* _Data for analysis_

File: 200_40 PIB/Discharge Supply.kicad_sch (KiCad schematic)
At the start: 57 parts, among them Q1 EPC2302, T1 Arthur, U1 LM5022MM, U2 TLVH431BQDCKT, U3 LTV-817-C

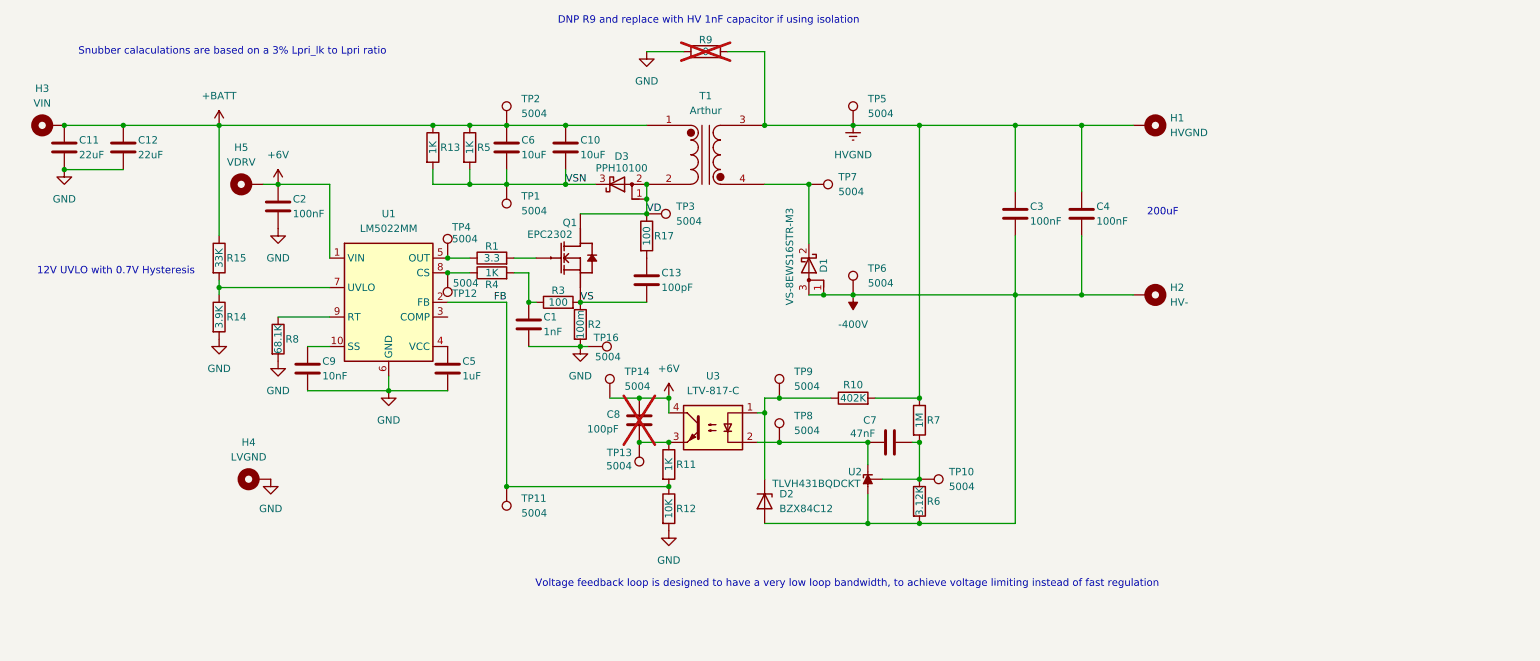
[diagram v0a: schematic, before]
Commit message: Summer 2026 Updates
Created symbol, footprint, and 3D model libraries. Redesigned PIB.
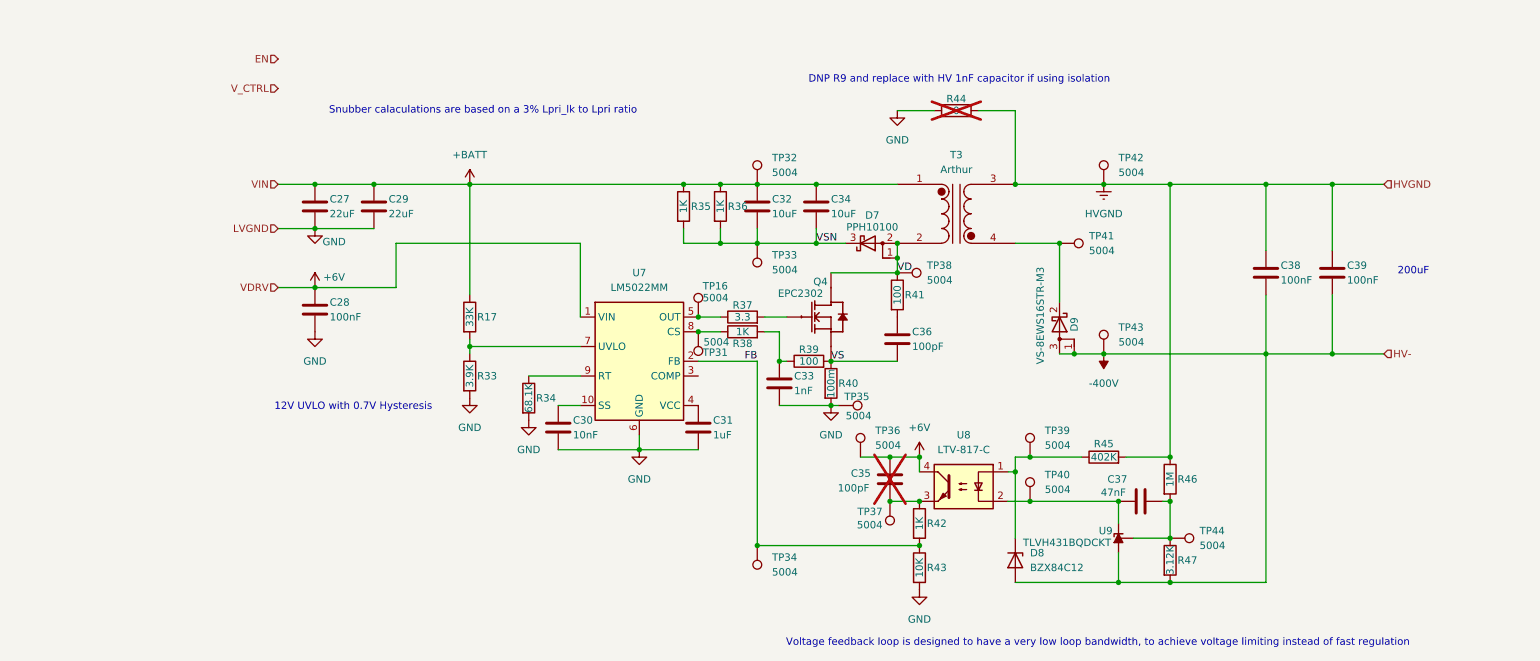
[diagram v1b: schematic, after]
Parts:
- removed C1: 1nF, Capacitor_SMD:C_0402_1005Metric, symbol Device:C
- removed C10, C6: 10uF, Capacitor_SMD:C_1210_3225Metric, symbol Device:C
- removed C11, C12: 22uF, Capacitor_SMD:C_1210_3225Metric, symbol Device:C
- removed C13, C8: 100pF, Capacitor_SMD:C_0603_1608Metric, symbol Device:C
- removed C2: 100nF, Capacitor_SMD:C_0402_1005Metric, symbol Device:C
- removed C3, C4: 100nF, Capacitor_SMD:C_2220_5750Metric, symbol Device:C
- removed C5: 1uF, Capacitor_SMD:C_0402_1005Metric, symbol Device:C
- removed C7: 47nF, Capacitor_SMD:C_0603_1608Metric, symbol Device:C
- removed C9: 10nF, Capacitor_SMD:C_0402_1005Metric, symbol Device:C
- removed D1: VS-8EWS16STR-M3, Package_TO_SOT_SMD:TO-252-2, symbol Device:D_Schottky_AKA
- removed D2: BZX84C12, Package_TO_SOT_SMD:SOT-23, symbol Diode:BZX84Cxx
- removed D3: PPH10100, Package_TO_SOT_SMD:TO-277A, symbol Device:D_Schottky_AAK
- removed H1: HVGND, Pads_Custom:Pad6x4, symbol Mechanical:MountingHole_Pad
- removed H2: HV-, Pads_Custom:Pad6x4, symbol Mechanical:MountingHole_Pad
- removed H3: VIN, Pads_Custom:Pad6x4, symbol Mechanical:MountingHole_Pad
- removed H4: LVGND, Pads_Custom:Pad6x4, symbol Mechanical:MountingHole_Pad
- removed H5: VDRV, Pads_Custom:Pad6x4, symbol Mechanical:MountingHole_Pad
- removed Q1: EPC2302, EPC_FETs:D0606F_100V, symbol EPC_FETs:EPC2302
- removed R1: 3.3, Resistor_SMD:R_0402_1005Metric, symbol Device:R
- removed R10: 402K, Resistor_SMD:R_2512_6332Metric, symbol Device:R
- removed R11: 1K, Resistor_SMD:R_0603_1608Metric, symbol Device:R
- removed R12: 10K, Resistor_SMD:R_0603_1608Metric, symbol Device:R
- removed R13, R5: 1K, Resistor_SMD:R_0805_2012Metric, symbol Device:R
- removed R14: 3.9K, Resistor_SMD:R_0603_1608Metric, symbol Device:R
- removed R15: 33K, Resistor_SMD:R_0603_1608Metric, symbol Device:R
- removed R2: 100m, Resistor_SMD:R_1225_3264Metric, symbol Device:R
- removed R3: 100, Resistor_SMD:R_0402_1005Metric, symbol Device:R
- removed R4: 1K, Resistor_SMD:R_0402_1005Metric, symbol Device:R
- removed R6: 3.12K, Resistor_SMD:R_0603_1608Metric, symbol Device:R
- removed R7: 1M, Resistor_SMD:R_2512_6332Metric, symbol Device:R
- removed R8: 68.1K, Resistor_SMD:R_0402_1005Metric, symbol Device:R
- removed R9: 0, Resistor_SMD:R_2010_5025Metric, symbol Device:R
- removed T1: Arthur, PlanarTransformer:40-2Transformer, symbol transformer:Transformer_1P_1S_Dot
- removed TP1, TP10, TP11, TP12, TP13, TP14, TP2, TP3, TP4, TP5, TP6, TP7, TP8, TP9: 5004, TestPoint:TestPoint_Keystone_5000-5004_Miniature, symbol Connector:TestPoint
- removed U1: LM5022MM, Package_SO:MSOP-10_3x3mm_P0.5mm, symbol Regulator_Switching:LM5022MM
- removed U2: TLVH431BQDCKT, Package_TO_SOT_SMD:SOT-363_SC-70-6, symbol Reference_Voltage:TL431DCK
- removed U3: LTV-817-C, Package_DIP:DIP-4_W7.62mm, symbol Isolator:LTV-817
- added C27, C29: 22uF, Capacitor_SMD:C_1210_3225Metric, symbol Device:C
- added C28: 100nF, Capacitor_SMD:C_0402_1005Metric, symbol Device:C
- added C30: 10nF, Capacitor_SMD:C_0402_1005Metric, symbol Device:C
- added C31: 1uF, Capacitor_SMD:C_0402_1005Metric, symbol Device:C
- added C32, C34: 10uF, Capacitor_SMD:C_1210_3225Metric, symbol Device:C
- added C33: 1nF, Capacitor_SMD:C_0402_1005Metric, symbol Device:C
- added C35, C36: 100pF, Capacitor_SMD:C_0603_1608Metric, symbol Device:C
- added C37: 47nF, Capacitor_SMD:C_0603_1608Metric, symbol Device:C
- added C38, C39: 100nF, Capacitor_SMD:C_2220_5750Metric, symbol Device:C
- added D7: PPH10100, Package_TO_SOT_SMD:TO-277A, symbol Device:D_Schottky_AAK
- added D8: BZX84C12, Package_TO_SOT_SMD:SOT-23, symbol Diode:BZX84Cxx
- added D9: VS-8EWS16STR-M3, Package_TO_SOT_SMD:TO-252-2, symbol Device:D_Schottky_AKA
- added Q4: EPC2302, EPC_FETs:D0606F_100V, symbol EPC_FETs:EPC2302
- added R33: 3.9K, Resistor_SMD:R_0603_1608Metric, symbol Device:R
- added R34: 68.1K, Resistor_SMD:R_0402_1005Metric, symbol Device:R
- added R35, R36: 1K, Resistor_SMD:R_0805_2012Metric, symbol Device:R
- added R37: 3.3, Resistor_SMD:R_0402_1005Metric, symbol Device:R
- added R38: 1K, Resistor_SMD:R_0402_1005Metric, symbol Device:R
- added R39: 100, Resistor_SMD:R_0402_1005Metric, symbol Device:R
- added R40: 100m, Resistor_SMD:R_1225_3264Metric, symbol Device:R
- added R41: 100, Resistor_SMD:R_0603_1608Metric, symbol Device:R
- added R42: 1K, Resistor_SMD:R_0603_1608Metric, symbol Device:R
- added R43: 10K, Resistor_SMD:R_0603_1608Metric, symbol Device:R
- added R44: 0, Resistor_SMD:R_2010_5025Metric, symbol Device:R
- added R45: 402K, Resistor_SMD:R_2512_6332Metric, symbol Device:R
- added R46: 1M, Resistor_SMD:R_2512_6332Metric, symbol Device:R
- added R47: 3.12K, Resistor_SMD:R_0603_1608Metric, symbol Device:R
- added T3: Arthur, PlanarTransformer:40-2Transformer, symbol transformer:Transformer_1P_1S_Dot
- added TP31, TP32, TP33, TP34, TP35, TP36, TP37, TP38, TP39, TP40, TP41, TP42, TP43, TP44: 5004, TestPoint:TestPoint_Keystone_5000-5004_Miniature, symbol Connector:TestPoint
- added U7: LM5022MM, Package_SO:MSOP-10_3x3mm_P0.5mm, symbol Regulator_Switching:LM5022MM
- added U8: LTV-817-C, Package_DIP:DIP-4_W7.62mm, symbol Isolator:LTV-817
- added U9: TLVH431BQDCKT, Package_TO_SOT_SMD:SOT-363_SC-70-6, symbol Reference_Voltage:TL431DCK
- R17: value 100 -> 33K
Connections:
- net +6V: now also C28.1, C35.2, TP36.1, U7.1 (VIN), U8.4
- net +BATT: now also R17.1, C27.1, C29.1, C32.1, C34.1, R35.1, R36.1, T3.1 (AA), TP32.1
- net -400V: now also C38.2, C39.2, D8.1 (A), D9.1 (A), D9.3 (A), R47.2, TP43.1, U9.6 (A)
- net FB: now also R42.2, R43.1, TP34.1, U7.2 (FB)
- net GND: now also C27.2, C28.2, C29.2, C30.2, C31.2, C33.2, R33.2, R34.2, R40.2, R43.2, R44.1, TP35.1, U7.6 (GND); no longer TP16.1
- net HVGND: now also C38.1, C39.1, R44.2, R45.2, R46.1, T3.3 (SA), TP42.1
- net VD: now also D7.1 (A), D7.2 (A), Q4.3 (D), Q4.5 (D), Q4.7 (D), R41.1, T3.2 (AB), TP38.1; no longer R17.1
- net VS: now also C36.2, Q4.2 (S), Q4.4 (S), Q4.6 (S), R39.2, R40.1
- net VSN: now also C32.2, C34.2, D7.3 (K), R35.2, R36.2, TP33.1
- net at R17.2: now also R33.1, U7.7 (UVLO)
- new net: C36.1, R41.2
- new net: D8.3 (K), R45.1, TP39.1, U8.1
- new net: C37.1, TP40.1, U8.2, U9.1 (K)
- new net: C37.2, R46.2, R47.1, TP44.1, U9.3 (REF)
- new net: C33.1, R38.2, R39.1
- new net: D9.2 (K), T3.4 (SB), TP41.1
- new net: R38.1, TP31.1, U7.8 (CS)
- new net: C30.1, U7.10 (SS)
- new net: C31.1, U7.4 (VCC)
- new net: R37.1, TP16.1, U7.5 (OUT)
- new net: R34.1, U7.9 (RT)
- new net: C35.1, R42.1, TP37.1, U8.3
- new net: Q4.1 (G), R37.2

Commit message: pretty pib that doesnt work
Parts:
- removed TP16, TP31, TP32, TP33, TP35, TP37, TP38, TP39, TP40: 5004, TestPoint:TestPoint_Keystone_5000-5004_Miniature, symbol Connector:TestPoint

* _Task_
Transcribe exactly, with no pictures, the lines running from the first line of the material through the line holding "- removed H3: VIN, Pads_Custom:Pad6x4, symbol".

* _Response to the task_
File: 200_40 PIB/Discharge Supply.kicad_sch (KiCad schematic)
At the start: 57 parts, among them Q1 EPC2302, T1 Arthur, U1 LM5022MM, U2 TLVH431BQDCKT, U3 LTV-817-C

[diagram v0a: schematic, before]
Commit message: Summer 2026 Updates
Created symbol, footprint, and 3D model libraries. Redesigned PIB.
[diagram v1b: schematic, after]
Parts:
- removed C1: 1nF, Capacitor_SMD:C_0402_1005Metric, symbol Device:C
- removed C10, C6: 10uF, Capacitor_SMD:C_1210_3225Metric, symbol Device:C
- removed C11, C12: 22uF, Capacitor_SMD:C_1210_3225Metric, symbol Device:C
- removed C13, C8: 100pF, Capacitor_SMD:C_0603_1608Metric, symbol Device:C
- removed C2: 100nF, Capacitor_SMD:C_0402_1005Metric, symbol Device:C
- removed C3, C4: 100nF, Capacitor_SMD:C_2220_5750Metric, symbol Device:C
- removed C5: 1uF, Capacitor_SMD:C_0402_1005Metric, symbol Device:C
- removed C7: 47nF, Capacitor_SMD:C_0603_1608Metric, symbol Device:C
- removed C9: 10nF, Capacitor_SMD:C_0402_1005Metric, symbol Device:C
- removed D1: VS-8EWS16STR-M3, Package_TO_SOT_SMD:TO-252-2, symbol Device:D_Schottky_AKA
- removed D2: BZX84C12, Package_TO_SOT_SMD:SOT-23, symbol Diode:BZX84Cxx
- removed D3: PPH10100, Package_TO_SOT_SMD:TO-277A, symbol Device:D_Schottky_AAK
- removed H1: HVGND, Pads_Custom:Pad6x4, symbol Mechanical:MountingHole_Pad
- removed H2: HV-, Pads_Custom:Pad6x4, symbol Mechanical:MountingHole_Pad
- removed H3: VIN, Pads_Custom:Pad6x4, symbol Mechanical:MountingHole_Pad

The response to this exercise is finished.